I jotted down a few names in one of my journals for rough notes & stuff some months back, these being those writers & musicians regarding whom I considered myself an irredeemable fanboy of. I deliberately left the page open to amendment wondering if I might have left someone out, and it occurred to me yesterday that this had been the case with the list of writers.
I'd felt a touch of concern regarding the list from its inception due to the lack of female names on it. Now this certainly wasn't because there aren't plenty of such I greatly admire, but I just couldn't think of any of the ladies who fulfilled the essential criteria: Love at first sight which carried over into everything read since plus a kind of unpleasantly personal curiosity into biographical background (close to a kind of conceptual stalking.)

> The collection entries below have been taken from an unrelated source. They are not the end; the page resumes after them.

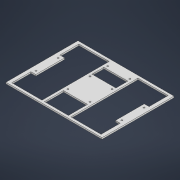
# Autodesk Inventor part: Testplatte_Differential
Saved by Autodesk Inventor 2021 (Build 250183000, 183)
## iProperties
Created: 2021-01-24
Part Number: Testplatte_Differential
Material: Generisch
Document SubType Name: Modeling
Designer: Ctroi
Density: 1 g/cm^3
Appearance: Vorgabe
Author: Ctroi
## iProperties of the stored document _3D-Druck.ipt
Created: 2021-01-30
Part Number: _3D-Druck
Material: Generisch
Document SubType Name: Modeling
Designer: Ctroi
Density: 1 g/cm^3
Appearance: Vorgabe
Author: Ctroi
Autodesk Inventor part; units mm, degrees
ref_plane "YZ Plane" through (0, 0, 0) normal (1, 0, 0) x (0, 1, 0)
ref_plane "XZ Plane" through (0, 0, 0) normal (0, 1, 0) x (-1, 0, 0)
ref_plane "XY Plane" through (0, 0, 0) normal (0, 0, 1) x (1, 0, 0)
sketch "Skizze1" plane through (0, 0, 0) normal (0, 1, 0) x (-1, 0, 0)
  line L0 (100, -75) -> (-100, -75)
  line L1 (-100, -75) -> (-100, 75)
  line L2 (-100, 75) -> (100, 75)
  line L3 (100, 75) -> (100, -75)
  line L4 (0, -105) -> (0, 105) projected
  line L5 (-140, 0) -> (140, 0) projected
  point P0 (0, 0)
  dimension "d0" = 200
  dimension "d1" = 150
  constraints: 8 end point, 2 parallel, 1 horizontal, 1 perpendicular, 2 other
  measures "d0" distance of L1.end L2.end
  measures "d1" distance of L0.end L1.end
extrude "Extrusion1" add sketch "Skizze1" along normal blind 3
sketch "Skizze11" plane through (0, 3, 0) normal (0, 1, 0) x (1, 0, 0)
  circle A0 centre (23, -23) radius 1.6
  circle A1 centre (23, 23) radius 1.6
  line L0 (140, 0) -> (-140, 0) projected
  line L1 (100, -75) -> (100, 75) projected
  line L2 (100, -75) -> (100, 75) projected
  line L3 (0, 105) -> (0, -105) projected
  circle A2 centre (-23, -23) radius 1.6
  circle A3 centre (-23, 23) radius 1.6
  circle A4 centre (23, 23) radius 1.6
  circle A5 centre (-23, 23) radius 1.6
  line L4 (100, 75) -> (-100, 75) projected
  circle A6 centre (89.5, -23) radius 1.6
  circle A7 centre (89.5, 23) radius 1.6
  circle A8 centre (-89.5, -23) radius 1.6
  circle A9 centre (-89.5, 23) radius 1.6
  line L5 (-100, 75) -> (-100, -75) projected
  point P0 (0, 0)
  dimension "d50" = 3.2
  dimension "d51" = 3.2
  dimension "d52" = 23
  dimension "d53" = 23
  dimension "d54" = 77
  dimension "d55" = 77
  dimension "d62" = 3.2
  dimension "d63" = 3.2
  dimension "d64" = 23
  dimension "d65" = 23
  dimension "d66" = 52
  dimension "d67" = 52
  dimension "d70" = 3.2
  dimension "d71" = 3.2
  dimension "d72" = 23
  dimension "d73" = 23
  dimension "d74" = 10.5
  dimension "d75" = 10.5
  dimension "d76" = 3.2
  dimension "d77" = 3.2
  dimension "d78" = 10.5
  dimension "d79" = 10.5
  dimension "d80" = 23
  dimension "d81" = 23
  constraints: 10 centre point, 2 symmetric about line, 2 other
  measures "d50" diameter of A0
  measures "d51" diameter of A1
  measures "d52" distance from line of L0 A0.centre
  measures "d53" distance from line of L0 A1.centre
  measures "d54" distance from line of L1 A1.centre
  measures "d55" distance from line of L2 A0.centre
  measures "d62" diameter of A4
  measures "d63" diameter of A5
  measures "d64" distance from line of L3 A4.centre
  measures "d65" distance from line of L3 A5.centre
  measures "d66" distance from line of L4 A5.centre
  measures "d67" distance from line of L4 A4.centre
  measures "d70" diameter of A6
  measures "d71" diameter of A7
  measures "d72" distance from line of L0 A6.centre
  measures "d73" distance from line of L0 A7.centre
  measures "d74" distance from line of L1 A6.centre
  measures "d75" distance from line of L1 A7.centre
  measures "d76" diameter of A8
  measures "d77" diameter of A9
  measures "d78" distance from line of L5 A9.centre
  measures "d79" distance from line of L5 A8.centre
  measures "d80" distance from line of L0 A8.centre
  measures "d81" distance from line of L0 A9.centre
extrude "Extrusion12" cut sketch "Skizze11" against normal up to surface (3 mm away) contours A0 | A1
extrude "Extrusion13" cut sketch "Skizze11" against normal up to surface (3 mm away) contours A2 | A3
extrude "Extrusion14" cut sketch "Skizze11" against normal up to surface (3 mm away) contours A1 | A3
extrude "Extrusion15" cut sketch "Skizze11" against normal up to surface (3 mm away) contours A6 | A7 | A8 | A9
sketch "Skizze12" plane through (0, 3, 0) normal (0, 1, 0) x (1, 0, 0)
  circle A0 centre (-23, 60) radius 1.6
  circle A1 centre (23, 60) radius 1.6
  line L0 (0, 105) -> (0, -105) projected
  line L1 (100, 75) -> (-100, 75) projected
  point P0 (0, 0)
  dimension "d84" = 3.2
  dimension "d85" = 3.2
  dimension "d86" = 23
  dimension "d87" = 23
  dimension "d88" = 15
  dimension "d89" = 15
  constraints: 2 centre point
  measures "d84" diameter of A0
  measures "d85" diameter of A1
  measures "d86" distance from line of L0 A1.centre
  measures "d87" distance from line of L0 A0.centre
  measures "d88" distance from line of L1 A1.centre
  measures "d89" distance from line of L1 A0.centre
extrude "Extrusion16" cut sketch "Skizze12" against normal up to surface (3 mm away)
sketch "Skizze13" plane through (0, 3, 0) normal (0, 1, 0) x (1, 0, 0)
  line L0 (-93, -70) -> (-30, -70)
  line L1 (-30, -70) -> (-30, 70)
  line L2 (-30, 70) -> (-93, 70)
  line L3 (30, -70) -> (93, -70)
  line L4 (93, 70) -> (30, 70)
  line L5 (30, 70) -> (30, -70)
  line L6 (-100, -75) -> (100, -75) projected
  line L7 (-100, 75) -> (-100, -75) projected
  line L8 (100, 75) -> (-100, 75) projected
  line L9 (100, -75) -> (100, 75) projected
  line L10 (-30, -70) -> (30, -70)
  line L11 (30, -70) -> (30, -30)
  line L12 (30, -30) -> (-30, -30)
  line L13 (-30, -30) -> (-30, -70)
  line L14 (-30, 29) -> (30, 29)
  line L15 (30, 29) -> (30, 54)
  line L16 (30, 54) -> (-30, 54)
  line L17 (-30, 54) -> (-30, 29)
  line L18 (-25, -70) -> (-25, -30)
  line L19 (25, -70) -> (25, -30)
  line L20 (-25, 29) -> (-25, 54)
  line L21 (25, 29) -> (25, 54)
  line L22 (-93, 30) -> (-83, 30)
  line L23 (-83, 30) -> (-83, -30)
  line L24 (-83, -30) -> (-93, -30)
  line L25 (140, 0) -> (-140, 0) projected
  line L26 (-93, 70) -> (-93, 30)
  line L27 (-93, -30) -> (-93, -70)
  line L28 (93, 30) -> (83, 30)
  line L29 (83, 30) -> (83, -30)
  line L30 (83, -30) -> (93, -30)
  line L31 (93, -70) -> (93, -30)
  line L32 (93, 30) -> (93, 70)
  point P0 (0, 0)
  dimension "d94" = 5
  dimension "d96" = 5
  dimension "d97" = 70
  dimension "d99" = 70
  dimension "d100" = 40
  dimension "d101" = 25
  dimension "d102" = 21
  dimension "d103" = 5
  dimension "d104" = 5
  dimension "d105" = 5
  dimension "d106" = 5
  dimension "d107" = 10
  dimension "d108" = 60
  dimension "d109" = 17
  dimension "d110" = 7
  dimension "d111" = 10
  dimension "d112" = 60
  dimension "d113" = 17
  dimension "d114" = 7
  constraints: 56 end point, 13 point on line, 12 parallel, 11 perpendicular, 6 horizontal, 2 other
  measures "d94" distance between parallel lines of L6 L0
  measures "d96" distance between parallel lines of L8 L2
  measures "d97" distance between parallel lines of L7 L1
  measures "d99" distance between parallel lines of L9 L5
  measures "d100" distance of L11.end L10.end
  measures "d101" distance of L15.end L14.end
  measures "d102" distance between parallel lines of L8 L16
  measures "d103" distance between parallel lines of L1 L18
  measures "d104" distance between parallel lines of L5 L19
  measures "d105" distance between parallel lines of L17 L20
  measures "d106" distance between parallel lines of L15 L21
  measures "d107" distance of L24.end L23.end
  measures "d108" distance of L22.end L23.end
  measures "d109" distance between parallel lines of L7 L23
  measures "d110" distance between parallel lines of L7 L26
  measures "d111" distance of L30.end L29.end
  measures "d112" distance of L29.end L28.end
  measures "d113" distance between parallel lines of L9 L29
  measures "d114" distance between parallel lines of L9 L32
extrude "Extrusion17" cut sketch "Skizze13" against normal up to surface (3 mm away) contours L27 L24 L23 L25 L1 L0 | L18 L12 L19 L10 | L25 L23 L22 L26 L2 L1 | L25 L29 L30 L31 L3 L5 | L5 L4 L32 L28 L29 L25 | L20 L16 L21 L14

And then it came to me that I'd missed out Jane Austen. I'm quite baffled as to why this was. From Jack Connelly's first lesson on Emma as an 'A' level text I just knew that I was hopelessly smitten and, if anything, Pride and Prejudice, read very soon after was even more appealing in its sheer exuberance. I suppose I left her out having mildly struggled with the later pages of Sense and Sensibility (just loved the Emma Thompson movie though) but that's weak quibbling. So now she's on the list and I'm yearning for a reread of Persuasion, for no good reason i can think of, but that's what being a fanboy does to you.
Anyway, in the interests of full disclosure here's the list as it stands today, in no order of merit, except for number one: Will Shakespeare, James Joyce, William Blake, Fyodor Dostoevsky, Franz Kafka, Ted Hughes, Stephen King, P.G. Wodehouse, Leon Garfield, Peter Ackroyd, Philip Pullman, David Lodge, Kurt Vonnegut, Ian McMillan, Anthony Powell and, now, Jane Austen.
And here's another odd thing. I added a space for writers I fell completely in love with, but not actually at first sight, and two names appear there. One is Marcel Proust, which makes sense since I knew eventually I would fall for him but made more than one false start on Swann's Way. The other is Charles Dickens. But, as far as I can remember, I fell hook, line & sinker for him on reading Bleak House straight after graduating from university. So I don't know why I hesitated over his unmitigated fanboy status a few months back. Was it because I was of that generation that 'met' Dickens through adaptations on the telly as a little kid and didn't quite realise then I was a fan? Not sure, but this isn't a question that will keep me up at night.